• [Task goal]: Give the lines below again exactly, starting with the line that holds "#98=DIRECTION('',(0.,1.,0.));" and going on through the line that holds "#105=VERTEX_POINT('',#104);".

• [Data]:

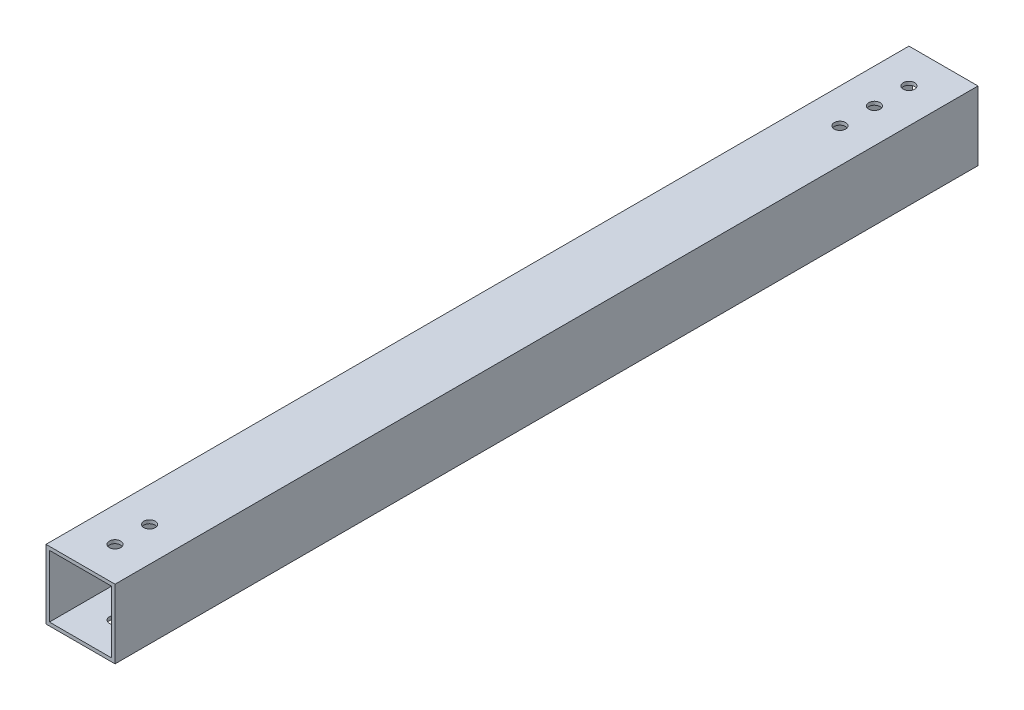
ISO-10303-21;
HEADER;
FILE_DESCRIPTION(('STEP AP214'),'2;1');
FILE_NAME('part.step','',(''),(''),'','','');
FILE_SCHEMA(('AUTOMOTIVE_DESIGN { 1 0 10303 214 1 1 1 1 }'));
ENDSEC;
DATA;
#1=APPLICATION_CONTEXT('core data for automotive mechanical design processes');
#2=APPLICATION_PROTOCOL_DEFINITION('international standard','automotive_design',2000,#1);
#3=PRODUCT_CONTEXT('',#1,'mechanical');
#4=PRODUCT('Part','Part','',(#3));
#5=PRODUCT_RELATED_PRODUCT_CATEGORY('part','',(#4));
#6=PRODUCT_DEFINITION_FORMATION('','',#4);
#7=PRODUCT_DEFINITION_CONTEXT('part definition',#1,'design');
#8=PRODUCT_DEFINITION('design','',#6,#7);
#9=PRODUCT_DEFINITION_SHAPE('','',#8);
#10=(LENGTH_UNIT() NAMED_UNIT(*) SI_UNIT(.MILLI.,.METRE.));
#11=(NAMED_UNIT(*) PLANE_ANGLE_UNIT() SI_UNIT($,.RADIAN.));
#12=(NAMED_UNIT(*) SI_UNIT($,.STERADIAN.) SOLID_ANGLE_UNIT());
#13=UNCERTAINTY_MEASURE_WITH_UNIT(LENGTH_MEASURE(1.E-05),#10,'distance_accuracy_value','');
#14=(GEOMETRIC_REPRESENTATION_CONTEXT(3) GLOBAL_UNCERTAINTY_ASSIGNED_CONTEXT((#13)) GLOBAL_UNIT_ASSIGNED_CONTEXT((#10,
#11,#12)) REPRESENTATION_CONTEXT('',''));
#15=CARTESIAN_POINT('',(0.,0.,0.));
#16=DIRECTION('',(0.,0.,1.));
#17=DIRECTION('',(1.,0.,0.));
#18=AXIS2_PLACEMENT_3D('',#15,#16,#17);
#19=CARTESIAN_POINT('',(0.,0.,250.));
#20=DIRECTION('',(0.,0.,1.));
#21=DIRECTION('',(1.,0.,0.));
#22=AXIS2_PLACEMENT_3D('',#19,#20,#21);
#23=PLANE('',#22);
#24=DIRECTION('',(0.,1.,0.));
#25=VECTOR('',#24,1.);
#26=CARTESIAN_POINT('',(10.,10.,250.));
#27=LINE('',#26,#25);
#28=CARTESIAN_POINT('',(10.,-10.,250.));
#29=VERTEX_POINT('',#28);
#30=CARTESIAN_POINT('',(10.,10.,250.));
#31=VERTEX_POINT('',#30);
#32=EDGE_CURVE('E146',#29,#31,#27,.T.);
#33=ORIENTED_EDGE('',*,*,#32,.T.);
#34=DIRECTION('',(-1.,0.,0.));
#35=VECTOR('',#34,1.);
#36=CARTESIAN_POINT('',(-10.,10.,250.));
#37=LINE('',#36,#35);
#38=CARTESIAN_POINT('',(-10.,10.,250.));
#39=VERTEX_POINT('',#38);
#40=EDGE_CURVE('E149',#31,#39,#37,.T.);
#41=ORIENTED_EDGE('',*,*,#40,.T.);
#42=DIRECTION('',(0.,-1.,0.));
#43=VECTOR('',#42,1.);
#44=CARTESIAN_POINT('',(-10.,10.,250.));
#45=LINE('',#44,#43);
#46=CARTESIAN_POINT('',(-10.,-10.,250.));
#47=VERTEX_POINT('',#46);
#48=EDGE_CURVE('E152',#39,#47,#45,.T.);
#49=ORIENTED_EDGE('',*,*,#48,.T.);
#50=DIRECTION('',(1.,0.,0.));
#51=VECTOR('',#50,1.);
#52=CARTESIAN_POINT('',(-10.,-10.,250.));
#53=LINE('',#52,#51);
#54=EDGE_CURVE('E154',#47,#29,#53,.T.);
#55=ORIENTED_EDGE('',*,*,#54,.T.);
#56=EDGE_LOOP('',(#33,#41,#49,#55));
#57=FACE_BOUND('',#56,.T.);
#58=DIRECTION('',(-1.,0.,0.));
#59=VECTOR('',#58,1.);
#60=CARTESIAN_POINT('',(-9.00000000000001,9.,250.));
#61=LINE('',#60,#59);
#62=CARTESIAN_POINT('',(8.99999999999999,9.,250.));
#63=VERTEX_POINT('',#62);
#64=CARTESIAN_POINT('',(-9.00000000000001,9.,250.));
#65=VERTEX_POINT('',#64);
#66=EDGE_CURVE('E116',#63,#65,#61,.T.);
#67=ORIENTED_EDGE('',*,*,#66,.F.);
#68=DIRECTION('',(0.,1.,0.));
#69=VECTOR('',#68,1.);
#70=CARTESIAN_POINT('',(8.99999999999999,9.,250.));
#71=LINE('',#70,#69);
#72=CARTESIAN_POINT('',(9.,-9.,250.));
#73=VERTEX_POINT('',#72);
#74=EDGE_CURVE('E108',#73,#63,#71,.T.);
#75=ORIENTED_EDGE('',*,*,#74,.F.);
#76=DIRECTION('',(1.,0.,0.));
#77=VECTOR('',#76,1.);
#78=CARTESIAN_POINT('',(-9.,-9.,250.));
#79=LINE('',#78,#77);
#80=CARTESIAN_POINT('',(-9.,-9.,250.));
#81=VERTEX_POINT('',#80);
#82=EDGE_CURVE('E130',#81,#73,#79,.T.);
#83=ORIENTED_EDGE('',*,*,#82,.F.);
#84=DIRECTION('',(0.,-1.,0.));
#85=VECTOR('',#84,1.);
#86=CARTESIAN_POINT('',(-9.00000000000001,9.,250.));
#87=LINE('',#86,#85);
#88=EDGE_CURVE('E128',#65,#81,#87,.T.);
#89=ORIENTED_EDGE('',*,*,#88,.F.);
#90=EDGE_LOOP('',(#67,#75,#83,#89));
#91=FACE_BOUND('',#90,.T.);
#92=ADVANCED_FACE('F41',(#57,#91),#23,.T.);
#93=CARTESIAN_POINT('',(0.,0.,0.));
#94=DIRECTION('',(0.,0.,1.));
#95=DIRECTION('',(1.,0.,0.));
#96=AXIS2_PLACEMENT_3D('',#93,#94,#95);
#97=PLANE('',#96);
#98=DIRECTION('',(0.,1.,0.));
#99=VECTOR('',#98,1.);
#100=CARTESIAN_POINT('',(10.,10.,0.));
#101=LINE('',#100,#99);
#102=CARTESIAN_POINT('',(10.,-10.,0.));
#103=VERTEX_POINT('',#102);
#104=CARTESIAN_POINT('',(10.,10.,0.));
#105=VERTEX_POINT('',#104);
#106=EDGE_CURVE('E124',#103,#105,#101,.T.);
#107=ORIENTED_EDGE('',*,*,#106,.F.);
#108=DIRECTION('',(1.,0.,0.));
#109=VECTOR('',#108,1.);
#110=CARTESIAN_POINT('',(-10.,-10.,0.));
#111=LINE('',#110,#109);
#112=CARTESIAN_POINT('',(-10.,-10.,0.));
#113=VERTEX_POINT('',#112);
#114=EDGE_CURVE('E150',#113,#103,#111,.T.);
#115=ORIENTED_EDGE('',*,*,#114,.F.);
#116=DIRECTION('',(0.,-1.,0.));
#117=VECTOR('',#116,1.);
#118=CARTESIAN_POINT('',(-10.,10.,0.));
#119=LINE('',#118,#117);
#120=CARTESIAN_POINT('',(-10.,10.,0.));
#121=VERTEX_POINT('',#120);
#122=EDGE_CURVE('E161',#121,#113,#119,.T.);
#123=ORIENTED_EDGE('',*,*,#122,.F.);
#124=DIRECTION('',(-1.,0.,0.));
#125=VECTOR('',#124,1.);
#126=CARTESIAN_POINT('',(-10.,10.,0.));
#127=LINE('',#126,#125);
#128=EDGE_CURVE('E159',#105,#121,#127,.T.);
#129=ORIENTED_EDGE('',*,*,#128,.F.);
#130=EDGE_LOOP('',(#107,#115,#123,#129));
#131=FACE_BOUND('',#130,.T.);
#132=DIRECTION('',(0.,1.,0.));
#133=VECTOR('',#132,1.);
#134=CARTESIAN_POINT('',(8.99999999999999,9.,0.));
#135=LINE('',#134,#133);
#136=CARTESIAN_POINT('',(9.,-9.,0.));
#137=VERTEX_POINT('',#136);
#138=CARTESIAN_POINT('',(8.99999999999999,9.,0.));
#139=VERTEX_POINT('',#138);
#140=EDGE_CURVE('E66',#137,#139,#135,.T.);
#141=ORIENTED_EDGE('',*,*,#140,.T.);
#142=DIRECTION('',(-1.,0.,0.));
#143=VECTOR('',#142,1.);
#144=CARTESIAN_POINT('',(-9.00000000000001,9.,0.));
#145=LINE('',#144,#143);
#146=CARTESIAN_POINT('',(-9.00000000000001,9.,0.));
#147=VERTEX_POINT('',#146);
#148=EDGE_CURVE('E123',#139,#147,#145,.T.);
#149=ORIENTED_EDGE('',*,*,#148,.T.);
#150=DIRECTION('',(0.,-1.,0.));
#151=VECTOR('',#150,1.);
#152=CARTESIAN_POINT('',(-9.00000000000001,9.,0.));
#153=LINE('',#152,#151);
#154=CARTESIAN_POINT('',(-9.,-9.,0.));
#155=VERTEX_POINT('',#154);
#156=EDGE_CURVE('E138',#147,#155,#153,.T.);
#157=ORIENTED_EDGE('',*,*,#156,.T.);
#158=DIRECTION('',(1.,0.,0.));
#159=VECTOR('',#158,1.);
#160=CARTESIAN_POINT('',(-9.,-9.,0.));
#161=LINE('',#160,#159);
#162=EDGE_CURVE('E117',#155,#137,#161,.T.);
#163=ORIENTED_EDGE('',*,*,#162,.T.);
#164=EDGE_LOOP('',(#141,#149,#157,#163));
#165=FACE_BOUND('',#164,.T.);
#166=ADVANCED_FACE('F219',(#131,#165),#97,.F.);
#167=CARTESIAN_POINT('',(10.,10.,250.));
#168=DIRECTION('',(-1.,0.,0.));
#169=DIRECTION('',(0.,-1.,0.));
#170=AXIS2_PLACEMENT_3D('',#167,#168,#169);
#171=PLANE('',#170);
#172=ORIENTED_EDGE('',*,*,#106,.T.);
#173=DIRECTION('',(0.,0.,-1.));
#174=VECTOR('',#173,1.);
#175=CARTESIAN_POINT('',(10.,10.,250.));
#176=LINE('',#175,#174);
#177=EDGE_CURVE('E11',#31,#105,#176,.T.);
#178=ORIENTED_EDGE('',*,*,#177,.F.);
#179=ORIENTED_EDGE('',*,*,#32,.F.);
#180=DIRECTION('',(0.,0.,-1.));
#181=VECTOR('',#180,1.);
#182=CARTESIAN_POINT('',(10.,-10.,250.));
#183=LINE('',#182,#181);
#184=EDGE_CURVE('E156',#29,#103,#183,.T.);
#185=ORIENTED_EDGE('',*,*,#184,.T.);
#186=EDGE_LOOP('',(#172,#178,#179,#185));
#187=FACE_BOUND('',#186,.T.);
#188=ADVANCED_FACE('F43',(#187),#171,.F.);
#189=CARTESIAN_POINT('',(-10.,10.,250.));
#190=DIRECTION('',(0.,-1.,0.));
#191=DIRECTION('',(0.,0.,-1.));
#192=AXIS2_PLACEMENT_3D('',#189,#190,#191);
#193=PLANE('',#192);
#194=CARTESIAN_POINT('',(0.,10.,10.));
#195=DIRECTION('',(0.,1.,0.));
#196=DIRECTION('',(0.,0.,1.));
#197=AXIS2_PLACEMENT_3D('',#194,#195,#196);
#198=CIRCLE('',#197,1.65);
#199=CARTESIAN_POINT('',(0.,10.,11.65));
#200=VERTEX_POINT('',#199);
#201=EDGE_CURVE('E256',#200,#200,#198,.T.);
#202=ORIENTED_EDGE('',*,*,#201,.F.);
#203=EDGE_LOOP('',(#202));
#204=FACE_BOUND('',#203,.T.);
#205=CARTESIAN_POINT('',(0.,10.,20.));
#206=DIRECTION('',(0.,1.,0.));
#207=DIRECTION('',(0.,0.,1.));
#208=AXIS2_PLACEMENT_3D('',#205,#206,#207);
#209=CIRCLE('',#208,1.65);
#210=CARTESIAN_POINT('',(0.,10.,21.65));
#211=VERTEX_POINT('',#210);
#212=EDGE_CURVE('E260',#211,#211,#209,.T.);
#213=ORIENTED_EDGE('',*,*,#212,.F.);
#214=EDGE_LOOP('',(#213));
#215=FACE_BOUND('',#214,.T.);
#216=CARTESIAN_POINT('',(0.,10.,30.));
#217=DIRECTION('',(0.,1.,0.));
#218=DIRECTION('',(0.,0.,1.));
#219=AXIS2_PLACEMENT_3D('',#216,#217,#218);
#220=CIRCLE('',#219,1.65);
#221=CARTESIAN_POINT('',(0.,10.,31.65));
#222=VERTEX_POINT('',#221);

• [Exercise output]:
#98=DIRECTION('',(0.,1.,0.));
#99=VECTOR('',#98,1.);
#100=CARTESIAN_POINT('',(10.,10.,0.));
#101=LINE('',#100,#99);
#102=CARTESIAN_POINT('',(10.,-10.,0.));
#103=VERTEX_POINT('',#102);
#104=CARTESIAN_POINT('',(10.,10.,0.));
#105=VERTEX_POINT('',#104);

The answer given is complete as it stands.